Ожесточенные бои шли и на фронте. Газеты писали о горных стрелках — уже несколько дней они сражались под потоками дождя на улицах греческих городов. С ними ли Петер или его уже нет в живых? Целых восемнадцать дней он не давал о себе знать.

К счастью, мои опасения не оправдались — однажды я услышала по радио его имя. За особую храбрость, проявленную при прорыве линии Метаксас в Греции, он был награжден Рыцарским крестом. Теперь я знала, что Петер жив и смог устоять перед лицом опасности.
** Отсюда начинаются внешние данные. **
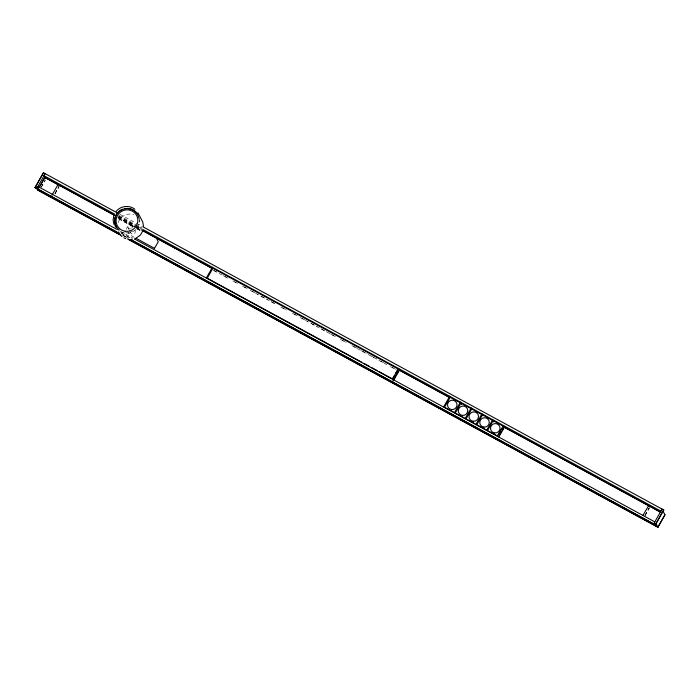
<?xml version="1.0" encoding="UTF-8"?>
<svg xmlns="http://www.w3.org/2000/svg" width="700" height="700" viewBox="0 0 700 700"><rect width="100%" height="100%" fill="white"/><g stroke="black" fill="none" stroke-linecap="round" stroke-linejoin="round"><path stroke-width="0.53" stroke-dasharray="3.5 2.62" d="M41.16 187.127L45.238 179.979M41.256 187.303L45.325 180.154M54.906 193.428L58.975 186.279M54.994 193.602L59.071 186.454M55.099 193.76L59.124 186.681M644.875 515.322L648.952 508.174M644.971 515.497L649.04 508.349M645.076 515.646L650.116 506.8M133.84 226.66C131.416 224.954 126.105 225.418 126.7 229.311M119.796 214.226L135.205 222.661M136.115 223.099L141.925 226.319M118.65 215.285L142.179 228.078M118.624 216.291L134.942 225.164M135.905 225.68L141.662 228.812M118.668 216.379L136.911 226.293M137.874 226.818L141.706 228.9M118.536 217.42L134.864 226.293M135.817 226.818L141.584 229.95M117.67 217.07L134.951 226.468M135.914 226.984L141.671 230.116M118.107 217.464L134.426 226.336M135.389 226.861L141.146 229.994M118.204 217.639L134.523 226.511M135.485 227.036L141.242 230.169M136.719 228.226L140.569 230.318M118.501 218.636L132.904 226.468M136.745 228.55L140.586 230.641M213.561 270.314L217.403 272.396M225.076 276.57L227.964 278.136M234.684 281.794L237.562 283.36M244.282 287.017L247.161 288.575M251.965 291.191L257.723 294.324M261.564 296.406L267.321 299.539M271.162 301.63L275.966 304.238M282.686 307.895L285.565 309.461M294.21 314.151L297.089 315.717M301.892 318.334L307.65 321.466M311.491 323.549L317.249 326.681M321.09 328.773L326.856 331.905M330.697 333.988L335.493 336.595M342.213 340.252L345.1 341.819M353.736 346.517L357.578 348.6M361.419 350.691L367.176 353.824M371.017 355.915L376.784 359.047M380.625 361.13L386.382 364.262M392.14 367.395L395.027 368.961M118.597 218.811L133 226.642M136.841 228.725L140.683 230.816M213.649 270.489L222.294 275.179M223.248 275.704L227.089 277.795M232.855 280.928L236.696 283.01M242.454 286.142L246.295 288.234M250.136 290.316L277.016 304.938M280.858 307.02L286.624 310.152M292.381 313.285L296.223 315.376M300.064 317.459L336.551 337.295M340.384 339.386L346.15 342.519M351.908 345.642L386.479 364.438M390.311 366.529L396.078 369.652M134.225 237.291L130.121 234.911L128.38 232.838M120.19 231.193L132.72 238.061M120.724 232.627L130.804 238.105M121.161 233.021L130.76 238.236M122.089 234.763L128.713 238.236M123.812 235.865L127.654 237.956M122.903 235.428L127.706 238.035M132.178 225.339L133.105 227.08M128.074 227.789L129.001 229.521M129.465 230.396L130.847 233.004M134.715 230.23A2.389 2.336 -28 0 1 133.735 233.966A2.389 2.336 -28 0 1 130.524 231.84M130.559 228.865A2.389 2.336 -28 0 1 127.75 226.616A2.389 2.336 -28 0 1 130.524 224.236A2.389 2.336 -28 0 1 132.37 227.307M132.195 227.684A2.389 2.336 -28 0 1 131.67 228.322M139.309 220.299A12.407 12.136 -28 0 1 139.134 222.425M129.185 232.557A12.407 12.136 -28 0 1 124.898 232.662M118.081 222.617A12.898 12.626 -28 0 1 133.779 214.419M133.114 230.86A12.232 11.97 -28 0 1 131.197 231.796M139.58 218.085A12.898 12.626 -28 0 1 118.764 230.51"/><path stroke-width="1.05" d="M113.872 215.381L113.102 219.905L113.934 224.385M142.774 230.974L140.499 234.981L134.881 239.015M119.061 233.345L35 187.582L43.461 172.725L116.918 212.66M35.044 187.67L43.461 172.725M43.986 175.779L44.459 174.947M38.71 188.072L44.817 177.345L114.695 215.329M39.314 187.346L44.914 177.52L57.199 184.196M39.725 189.98L39.252 190.811L38.334 189.07M51.94 195.265L58.047 184.537L114.791 215.504M154.569 248.246L158.261 241.763L156.949 239.243M206.351 277.97L212.459 267.243M392.989 378.017L394.529 375.322M395.553 373.52L398.116 369.023L212.87 268.31L207.226 278.215L361.76 362.224M393.68 379.33L395.483 376.171M395.736 375.725L398.3 371.227M443.634 406.963L449.75 396.235M454.387 412.808L460.495 402.08M465.141 418.652L471.249 407.925M466.016 418.898L471.66 409.001L481.582 414.391M475.886 424.498L482.002 413.77M486.64 430.342L492.748 419.615M501.55 428.785L497.446 435.986L487.524 430.588L493.159 420.683L503.081 426.081M497.394 436.188L503.501 425.46L504.429 427.201L498.829 437.036M500.141 433.598L501.165 431.804M502.198 430.001L503.221 428.199M499.433 435.024L501.218 431.891M502.241 430.089L504.017 426.974M642.933 515.375L648.629 505.715M653.651 523.959L662.06 509.014L660.931 511.166L142.625 229.338M655.305 524.86L663.714 509.915L655.305 524.86L130.585 239.601M664.904 514.719L657.86 527.1L129.299 239.759M127.47 238.892L657.947 527.275L665 514.894L663.058 511.236M116.156 211.365C120.584 205.835 129.404 204.776 134.907 209.3M142.835 226.748L663.766 510.002M114.782 214.2L43.942 175.691L45.377 178.386M460.084 402.701L450.153 397.311L444.517 407.207L454.44 412.606M470.829 408.546L460.906 403.156L455.271 413.053L465.194 418.451M492.336 420.236L482.414 414.846L476.77 424.743L486.692 430.141M142.546 230.466L212.634 268.572M398.895 369.828L449.785 397.495M503.554 426.72L660.817 512.216M142.634 230.641L211.768 268.223M398.991 370.002L448.919 397.145M503.65 426.895L659.969 511.875M136.15 238.341L154.403 248.264M363.685 363.265L369.442 366.398M371.359 367.439L377.116 370.571M379.041 371.613L391.519 378.402M466.918 419.387L475.037 423.806M117.311 229.626L37.826 186.419L36.697 188.571L45.159 173.714M134.593 239.024L654.824 521.894M35 187.582L119.018 233.257M130.541 239.514L655.253 524.773M37.599 189.91L119.7 234.544M120.75 235.235L37.695 190.085L35.752 186.428M656.005 523.617L657.947 527.275M654.815 523.591L656.206 526.199M492.931 420.254L493.859 421.995M481.355 413.954L482.274 415.695M460.679 402.719L461.597 404.46M137.909 212.721L142.721 221.961L143.553 226.441M116.305 226.957A12.407 12.136 -28 0 1 122.657 209.248M124.731 208.644A12.407 12.136 -28 0 1 137.611 214.244M119.192 230.002A12.232 11.97 -28 0 1 120.794 210.332A12.232 11.97 -28 0 1 138.933 218.216M132.492 239.094A12.898 12.626 -28 0 1 131.014 239.304M125.869 238.682A12.898 12.626 -28 0 1 123.839 237.799M121.992 236.574A12.898 12.626 -28 0 1 120.4 235.051M119.936 234.483A12.898 12.626 -28 0 1 118.422 231.971M115.876 227.211A12.898 12.626 -28 0 1 114.922 225.225M398.536 368.392L392.429 379.12L393.348 380.861L399.464 370.134L398.536 368.392M125.143 231.236A10.938 10.701 -28 0 0 137.165 216.676A10.938 10.701 -28 0 0 118.571 213.894A10.938 10.701 -28 0 0 125.143 231.236M494.655 432.941A4.777 4.681 -28 0 0 499.66 426.387A4.777 4.681 -28 0 0 491.488 425.477A4.777 4.681 -28 0 0 494.655 432.941M483.901 427.096A4.777 4.681 -28 0 0 488.906 420.543A4.777 4.681 -28 0 0 480.734 419.632A4.777 4.681 -28 0 0 483.901 427.096M473.148 421.251A4.777 4.681 -28 0 0 478.161 414.697A4.777 4.681 -28 0 0 469.989 413.787A4.777 4.681 -28 0 0 473.148 421.251M462.403 415.406A4.777 4.681 -28 0 0 467.407 408.852A4.777 4.681 -28 0 0 459.235 407.942A4.777 4.681 -28 0 0 462.403 415.406M451.649 409.561A4.777 4.681 -28 0 0 456.654 403.007A4.777 4.681 -28 0 0 448.481 402.098A4.777 4.681 -28 0 0 451.649 409.561"/></g></svg>

Долгая разлука лишь усилила мои чувства к нему и стерла следы раздоров.

Со здоровьем дела после лечения у гомеопата пошли значительно лучше. С тех пор как я стала пользоваться прописанными им средствами, приступы прекратились. А тут пришло письмо от Петера, в котором он впервые предложил выйти за него замуж. Это не стало для меня неожиданностью, но я пока не задумывалась о замужестве, ибо считала брак чем-то второстепенным. Много важнее мне казалось другое: достаточно ли сильно два человека понимают друг друга, чтобы прожить в согласии всю жизнь. В силе нашей любви я не сомневалась, но не была уверена, подходим ли мы друг другу. Тем не менее тогда я решила стать женой Петера. Но этому пока еще препятствовали обстоятельства: ему предстояли новые сражения, а мне нужно было заканчивать «Долину».

По радио прозвучало сенсационное известие о визите Рудольфа Гесса в Англию. Меня одолевало любопытство — хотелось узнать подробности. К адъютантам Гитлера в военное время я обратиться не могла, но в качестве информатора существовала ведь еще фрау Винтер в Мюнхене. Она рассказала, что фюрер вне себя от разочарования и возмущения. Я была убеждена тогда — да и сейчас думаю так же, — Гитлер не знал о намерениях Гесса. Однажды, перед моим турне по Европе, Гесс рассказал мне, что его сильно тяготят «обязанности заместителя фюрера» по улаживанию разногласий и склок среди высокопоставленных партийных функционеров. Бюрократическая работа его не удовлетворяла. Гитлер не давал ему таких серьезных и ответственных поручений, как Герингу, Геббельсу или Риббентропу. Гесс с удовольствием согласился бы занять пост министра иностранных дел, считал себя вполне способным справиться с подобными полномочиями. О работе Риббентропа он был невысокого мнения. Поэтому я предположила, что своим мужественным и, по его убеждению, служившим целям установления мира поступком Гесс хотел произвести впечатление на фюрера и показать, на что он способен.

Тем временем на студии освободился павильон, закончил свои работы и Георг Пабст. Вся моя надежда была на него. Но уже в первый день я почувствовала, что он уже не тот, каким был двенадцать лет назад, когда мы так хорошо работали вместе на съемках «Пиц-Палю», — характер резко изменился. Тогда от него исходило тепло и способность восторгаться, теперь же он выглядел рассудочным и холодным. От прежней остроты кинематографического взгляда Пабста ничего не осталось. Голливуд никак не пошел ему на пользу, его теперешний метод работы больше соответствовал обычным коммерческим фильмам. Тщетно пыталась я отыскать следы его прежде столь ярко выраженной индивидуальности.

Наши отношения испортились и все больше затрудняли работу, временами делая ее почти невозможной. Я так сильно страдала от его деспотичной режиссуры, что едва могла играть свою роль. Работать вместе стало невыносимо — иного выхода, как расстаться с ним, я не видела. Мне помог случай. Геббельс, его новый покровитель, отозвал Пабста на съемки другого фильма.